_WHAT YOU WILL DO_: Give back the lines of the entries below exactly as written, from the first line to the line holding "#3=PRODUCT_CONTEXT('',#1,'mechanical');", both included, with the pictures omitted.

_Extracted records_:
╔══

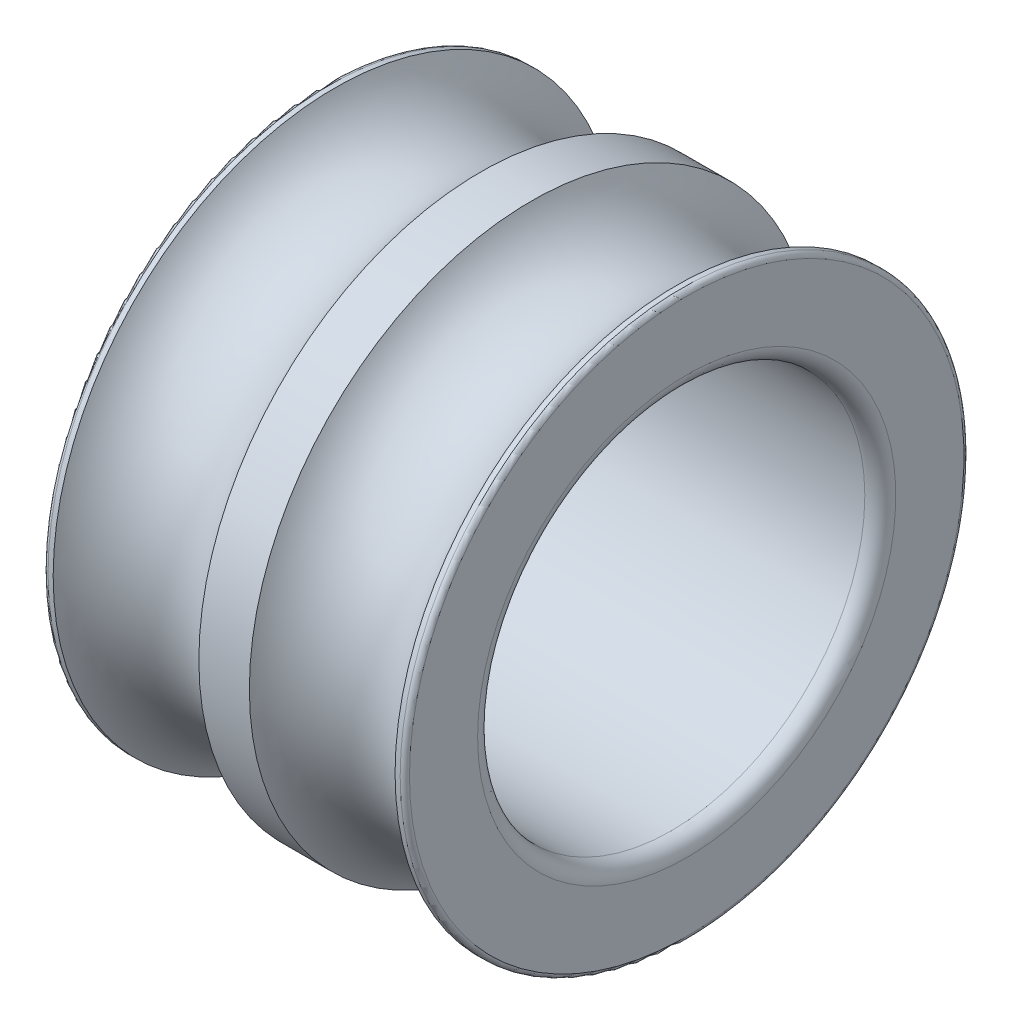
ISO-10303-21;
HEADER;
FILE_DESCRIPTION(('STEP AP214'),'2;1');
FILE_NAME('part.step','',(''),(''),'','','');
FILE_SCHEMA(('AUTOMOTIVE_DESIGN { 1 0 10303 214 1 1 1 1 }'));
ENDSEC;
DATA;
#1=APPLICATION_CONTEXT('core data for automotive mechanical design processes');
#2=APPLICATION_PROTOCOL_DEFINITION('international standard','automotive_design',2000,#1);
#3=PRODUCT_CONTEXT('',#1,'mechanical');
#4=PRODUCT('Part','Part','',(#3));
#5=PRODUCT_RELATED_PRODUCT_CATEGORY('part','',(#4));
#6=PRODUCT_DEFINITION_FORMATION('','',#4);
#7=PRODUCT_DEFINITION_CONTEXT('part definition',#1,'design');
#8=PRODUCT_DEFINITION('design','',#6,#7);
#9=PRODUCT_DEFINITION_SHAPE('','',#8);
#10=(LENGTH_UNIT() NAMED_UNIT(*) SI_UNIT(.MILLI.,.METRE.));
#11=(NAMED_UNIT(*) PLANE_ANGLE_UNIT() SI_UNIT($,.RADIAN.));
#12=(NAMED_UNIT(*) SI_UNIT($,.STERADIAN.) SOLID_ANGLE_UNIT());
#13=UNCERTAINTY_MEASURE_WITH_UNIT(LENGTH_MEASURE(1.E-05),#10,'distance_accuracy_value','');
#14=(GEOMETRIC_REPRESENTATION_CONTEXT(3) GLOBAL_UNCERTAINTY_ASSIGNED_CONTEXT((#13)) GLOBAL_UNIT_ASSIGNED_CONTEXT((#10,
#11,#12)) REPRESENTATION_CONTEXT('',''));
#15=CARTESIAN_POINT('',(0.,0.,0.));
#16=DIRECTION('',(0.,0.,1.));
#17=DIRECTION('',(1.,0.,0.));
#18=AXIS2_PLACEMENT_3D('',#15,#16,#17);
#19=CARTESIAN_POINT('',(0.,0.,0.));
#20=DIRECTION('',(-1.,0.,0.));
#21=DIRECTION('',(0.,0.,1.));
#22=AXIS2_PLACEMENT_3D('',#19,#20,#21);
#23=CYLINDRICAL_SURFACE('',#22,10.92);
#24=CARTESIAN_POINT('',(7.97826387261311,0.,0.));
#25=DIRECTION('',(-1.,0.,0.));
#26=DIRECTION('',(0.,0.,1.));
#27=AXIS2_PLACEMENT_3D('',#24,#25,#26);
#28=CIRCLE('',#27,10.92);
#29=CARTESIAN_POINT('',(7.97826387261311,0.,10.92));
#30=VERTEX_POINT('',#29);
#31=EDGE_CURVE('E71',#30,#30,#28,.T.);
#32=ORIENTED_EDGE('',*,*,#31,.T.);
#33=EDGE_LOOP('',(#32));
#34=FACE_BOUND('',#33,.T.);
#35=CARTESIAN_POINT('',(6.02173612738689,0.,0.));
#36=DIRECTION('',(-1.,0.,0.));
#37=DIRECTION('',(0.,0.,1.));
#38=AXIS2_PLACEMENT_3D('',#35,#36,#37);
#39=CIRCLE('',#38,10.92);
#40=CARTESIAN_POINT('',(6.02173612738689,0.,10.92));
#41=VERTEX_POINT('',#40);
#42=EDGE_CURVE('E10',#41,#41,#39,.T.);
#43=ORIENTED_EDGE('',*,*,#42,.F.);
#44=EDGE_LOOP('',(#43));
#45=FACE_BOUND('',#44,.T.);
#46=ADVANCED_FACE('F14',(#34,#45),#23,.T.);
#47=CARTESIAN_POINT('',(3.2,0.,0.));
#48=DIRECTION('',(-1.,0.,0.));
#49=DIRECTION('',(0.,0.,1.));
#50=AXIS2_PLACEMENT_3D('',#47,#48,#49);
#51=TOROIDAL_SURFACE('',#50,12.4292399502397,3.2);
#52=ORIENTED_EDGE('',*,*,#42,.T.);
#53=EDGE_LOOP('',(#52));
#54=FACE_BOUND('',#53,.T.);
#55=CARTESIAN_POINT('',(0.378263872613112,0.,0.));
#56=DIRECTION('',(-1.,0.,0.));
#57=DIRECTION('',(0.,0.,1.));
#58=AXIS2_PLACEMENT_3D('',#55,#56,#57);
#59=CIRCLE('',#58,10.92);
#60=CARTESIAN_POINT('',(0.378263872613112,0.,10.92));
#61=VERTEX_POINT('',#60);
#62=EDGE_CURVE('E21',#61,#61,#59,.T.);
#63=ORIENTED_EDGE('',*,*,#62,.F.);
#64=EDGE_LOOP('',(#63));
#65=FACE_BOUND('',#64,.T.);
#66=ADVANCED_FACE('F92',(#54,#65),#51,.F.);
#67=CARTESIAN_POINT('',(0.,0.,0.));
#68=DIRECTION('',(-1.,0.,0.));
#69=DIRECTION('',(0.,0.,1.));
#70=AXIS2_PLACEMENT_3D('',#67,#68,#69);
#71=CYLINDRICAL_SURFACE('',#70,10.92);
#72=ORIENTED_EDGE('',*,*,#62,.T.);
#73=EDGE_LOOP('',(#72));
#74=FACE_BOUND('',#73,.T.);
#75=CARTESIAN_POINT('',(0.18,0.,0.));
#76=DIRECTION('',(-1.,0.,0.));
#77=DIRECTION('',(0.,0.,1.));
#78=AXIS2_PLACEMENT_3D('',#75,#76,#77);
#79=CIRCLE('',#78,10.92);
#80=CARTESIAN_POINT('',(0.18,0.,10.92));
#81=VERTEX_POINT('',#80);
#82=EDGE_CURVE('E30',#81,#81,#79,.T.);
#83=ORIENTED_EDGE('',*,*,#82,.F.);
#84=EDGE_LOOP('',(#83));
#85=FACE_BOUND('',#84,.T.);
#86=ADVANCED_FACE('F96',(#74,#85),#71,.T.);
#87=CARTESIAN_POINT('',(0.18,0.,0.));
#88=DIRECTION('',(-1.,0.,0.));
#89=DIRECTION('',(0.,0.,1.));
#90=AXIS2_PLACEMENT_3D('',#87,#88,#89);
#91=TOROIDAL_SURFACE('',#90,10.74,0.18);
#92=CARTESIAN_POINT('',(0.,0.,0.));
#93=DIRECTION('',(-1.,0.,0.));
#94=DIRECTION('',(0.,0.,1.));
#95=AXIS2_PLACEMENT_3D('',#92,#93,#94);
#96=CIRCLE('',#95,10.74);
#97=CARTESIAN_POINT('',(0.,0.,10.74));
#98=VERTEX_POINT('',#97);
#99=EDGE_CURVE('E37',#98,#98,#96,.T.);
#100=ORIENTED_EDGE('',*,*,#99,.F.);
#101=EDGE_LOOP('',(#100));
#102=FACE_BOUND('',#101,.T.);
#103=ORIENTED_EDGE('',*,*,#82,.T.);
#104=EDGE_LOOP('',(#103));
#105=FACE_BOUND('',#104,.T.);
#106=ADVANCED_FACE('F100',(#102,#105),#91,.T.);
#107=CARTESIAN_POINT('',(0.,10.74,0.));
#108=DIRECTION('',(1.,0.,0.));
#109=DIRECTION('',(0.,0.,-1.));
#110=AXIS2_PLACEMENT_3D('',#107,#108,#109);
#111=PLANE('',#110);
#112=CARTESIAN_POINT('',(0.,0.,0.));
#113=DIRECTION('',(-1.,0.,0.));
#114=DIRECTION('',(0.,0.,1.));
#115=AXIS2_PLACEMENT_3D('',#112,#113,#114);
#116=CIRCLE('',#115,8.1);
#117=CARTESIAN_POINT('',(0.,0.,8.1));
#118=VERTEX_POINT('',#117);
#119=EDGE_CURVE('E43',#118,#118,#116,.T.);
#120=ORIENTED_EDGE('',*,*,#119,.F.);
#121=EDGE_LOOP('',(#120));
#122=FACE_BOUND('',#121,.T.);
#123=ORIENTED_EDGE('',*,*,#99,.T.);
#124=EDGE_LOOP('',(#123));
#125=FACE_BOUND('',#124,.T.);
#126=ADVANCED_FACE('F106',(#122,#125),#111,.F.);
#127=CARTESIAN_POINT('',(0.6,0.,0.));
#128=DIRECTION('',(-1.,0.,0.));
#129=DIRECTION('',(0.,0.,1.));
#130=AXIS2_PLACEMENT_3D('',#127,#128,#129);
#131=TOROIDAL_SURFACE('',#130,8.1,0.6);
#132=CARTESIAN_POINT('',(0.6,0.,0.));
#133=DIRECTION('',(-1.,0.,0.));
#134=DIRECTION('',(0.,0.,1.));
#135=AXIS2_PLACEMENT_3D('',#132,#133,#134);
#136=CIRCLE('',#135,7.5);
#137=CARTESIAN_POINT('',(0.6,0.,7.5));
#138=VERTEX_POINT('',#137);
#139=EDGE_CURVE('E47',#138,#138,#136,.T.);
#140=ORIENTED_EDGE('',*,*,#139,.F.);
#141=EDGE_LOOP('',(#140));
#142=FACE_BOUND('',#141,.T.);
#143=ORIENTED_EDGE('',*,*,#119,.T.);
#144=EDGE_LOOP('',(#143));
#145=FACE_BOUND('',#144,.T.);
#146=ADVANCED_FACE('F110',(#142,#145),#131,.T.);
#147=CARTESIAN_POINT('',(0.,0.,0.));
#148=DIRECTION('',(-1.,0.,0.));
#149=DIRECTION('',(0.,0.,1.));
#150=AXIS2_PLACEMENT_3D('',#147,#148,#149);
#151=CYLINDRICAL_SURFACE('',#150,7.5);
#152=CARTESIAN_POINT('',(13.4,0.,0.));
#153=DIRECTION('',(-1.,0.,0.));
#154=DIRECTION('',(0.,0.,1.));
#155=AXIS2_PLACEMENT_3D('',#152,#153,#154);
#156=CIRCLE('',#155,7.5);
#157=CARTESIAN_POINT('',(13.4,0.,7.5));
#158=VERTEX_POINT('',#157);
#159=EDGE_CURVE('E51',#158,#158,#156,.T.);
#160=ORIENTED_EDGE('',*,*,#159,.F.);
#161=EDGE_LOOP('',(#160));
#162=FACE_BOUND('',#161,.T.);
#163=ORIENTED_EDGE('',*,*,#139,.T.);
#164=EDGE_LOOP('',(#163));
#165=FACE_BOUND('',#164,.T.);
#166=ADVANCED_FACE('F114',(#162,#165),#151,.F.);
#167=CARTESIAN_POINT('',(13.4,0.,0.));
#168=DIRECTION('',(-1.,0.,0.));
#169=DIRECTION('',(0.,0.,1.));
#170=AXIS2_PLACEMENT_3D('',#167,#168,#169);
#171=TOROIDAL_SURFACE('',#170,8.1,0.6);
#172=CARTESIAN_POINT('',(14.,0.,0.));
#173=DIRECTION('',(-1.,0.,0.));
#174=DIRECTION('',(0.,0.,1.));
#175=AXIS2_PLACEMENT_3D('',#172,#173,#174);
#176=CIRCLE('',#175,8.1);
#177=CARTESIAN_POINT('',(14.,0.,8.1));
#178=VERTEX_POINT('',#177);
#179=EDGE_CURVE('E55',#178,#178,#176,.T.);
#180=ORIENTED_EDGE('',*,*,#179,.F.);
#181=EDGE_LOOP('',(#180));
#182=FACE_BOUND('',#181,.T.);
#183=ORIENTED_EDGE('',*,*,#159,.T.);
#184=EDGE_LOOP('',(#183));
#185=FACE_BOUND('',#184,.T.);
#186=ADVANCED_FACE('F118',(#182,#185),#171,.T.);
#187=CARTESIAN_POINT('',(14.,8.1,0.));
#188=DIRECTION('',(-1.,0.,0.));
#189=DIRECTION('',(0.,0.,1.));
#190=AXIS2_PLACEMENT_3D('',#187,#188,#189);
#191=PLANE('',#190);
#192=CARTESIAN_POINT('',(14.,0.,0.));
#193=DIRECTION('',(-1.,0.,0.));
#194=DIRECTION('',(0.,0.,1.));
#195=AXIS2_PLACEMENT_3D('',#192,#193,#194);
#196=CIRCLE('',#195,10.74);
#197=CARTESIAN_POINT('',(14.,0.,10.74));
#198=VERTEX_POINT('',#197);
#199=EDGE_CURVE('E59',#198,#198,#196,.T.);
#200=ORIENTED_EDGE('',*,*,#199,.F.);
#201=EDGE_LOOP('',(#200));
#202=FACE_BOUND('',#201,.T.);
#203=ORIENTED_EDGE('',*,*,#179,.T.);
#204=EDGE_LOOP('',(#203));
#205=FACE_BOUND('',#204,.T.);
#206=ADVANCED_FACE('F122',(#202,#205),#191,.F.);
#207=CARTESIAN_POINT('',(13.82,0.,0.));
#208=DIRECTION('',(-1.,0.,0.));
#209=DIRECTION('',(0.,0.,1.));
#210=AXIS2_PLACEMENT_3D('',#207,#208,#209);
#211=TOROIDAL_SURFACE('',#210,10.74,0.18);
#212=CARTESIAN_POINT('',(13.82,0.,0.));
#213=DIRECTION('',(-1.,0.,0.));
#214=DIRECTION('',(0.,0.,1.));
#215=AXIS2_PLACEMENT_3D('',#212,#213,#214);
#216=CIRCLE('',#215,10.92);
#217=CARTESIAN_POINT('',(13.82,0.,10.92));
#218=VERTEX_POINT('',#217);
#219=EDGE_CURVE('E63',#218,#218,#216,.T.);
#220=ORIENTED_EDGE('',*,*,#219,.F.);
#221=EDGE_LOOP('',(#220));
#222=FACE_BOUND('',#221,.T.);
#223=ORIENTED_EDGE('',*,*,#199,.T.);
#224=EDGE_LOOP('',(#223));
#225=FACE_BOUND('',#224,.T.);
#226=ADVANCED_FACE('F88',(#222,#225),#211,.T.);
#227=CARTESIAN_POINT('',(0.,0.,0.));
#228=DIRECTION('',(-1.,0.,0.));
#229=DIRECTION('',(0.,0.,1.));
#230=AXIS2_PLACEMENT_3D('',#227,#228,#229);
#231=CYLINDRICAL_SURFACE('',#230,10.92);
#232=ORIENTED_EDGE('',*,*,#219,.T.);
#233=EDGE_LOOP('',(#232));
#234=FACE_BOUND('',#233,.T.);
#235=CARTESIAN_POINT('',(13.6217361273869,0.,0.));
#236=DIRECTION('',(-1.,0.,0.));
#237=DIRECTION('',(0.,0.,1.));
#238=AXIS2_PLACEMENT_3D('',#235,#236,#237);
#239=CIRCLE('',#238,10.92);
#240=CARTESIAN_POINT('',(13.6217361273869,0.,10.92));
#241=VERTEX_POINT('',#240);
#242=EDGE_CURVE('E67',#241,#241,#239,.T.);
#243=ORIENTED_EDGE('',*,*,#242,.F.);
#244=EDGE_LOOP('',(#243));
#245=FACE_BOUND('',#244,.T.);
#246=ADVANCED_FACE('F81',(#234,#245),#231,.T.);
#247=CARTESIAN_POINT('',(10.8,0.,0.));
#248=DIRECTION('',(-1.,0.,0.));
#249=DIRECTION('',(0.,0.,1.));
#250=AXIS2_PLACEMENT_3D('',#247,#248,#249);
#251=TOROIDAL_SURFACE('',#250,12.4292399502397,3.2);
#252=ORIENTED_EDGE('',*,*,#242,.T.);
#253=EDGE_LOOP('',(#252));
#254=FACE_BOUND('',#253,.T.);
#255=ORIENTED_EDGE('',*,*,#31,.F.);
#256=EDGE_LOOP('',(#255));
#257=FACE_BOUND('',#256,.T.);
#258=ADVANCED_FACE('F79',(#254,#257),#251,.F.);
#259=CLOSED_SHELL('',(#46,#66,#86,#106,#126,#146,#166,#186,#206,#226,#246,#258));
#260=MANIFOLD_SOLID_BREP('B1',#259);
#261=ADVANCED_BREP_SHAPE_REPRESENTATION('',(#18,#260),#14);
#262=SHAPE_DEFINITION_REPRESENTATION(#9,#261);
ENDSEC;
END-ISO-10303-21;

╚══

_COMPLETED EXERCISE_:
ISO-10303-21;
HEADER;
FILE_DESCRIPTION(('STEP AP214'),'2;1');
FILE_NAME('part.step','',(''),(''),'','','');
FILE_SCHEMA(('AUTOMOTIVE_DESIGN { 1 0 10303 214 1 1 1 1 }'));
ENDSEC;
DATA;
#1=APPLICATION_CONTEXT('core data for automotive mechanical design processes');
#2=APPLICATION_PROTOCOL_DEFINITION('international standard','automotive_design',2000,#1);
#3=PRODUCT_CONTEXT('',#1,'mechanical');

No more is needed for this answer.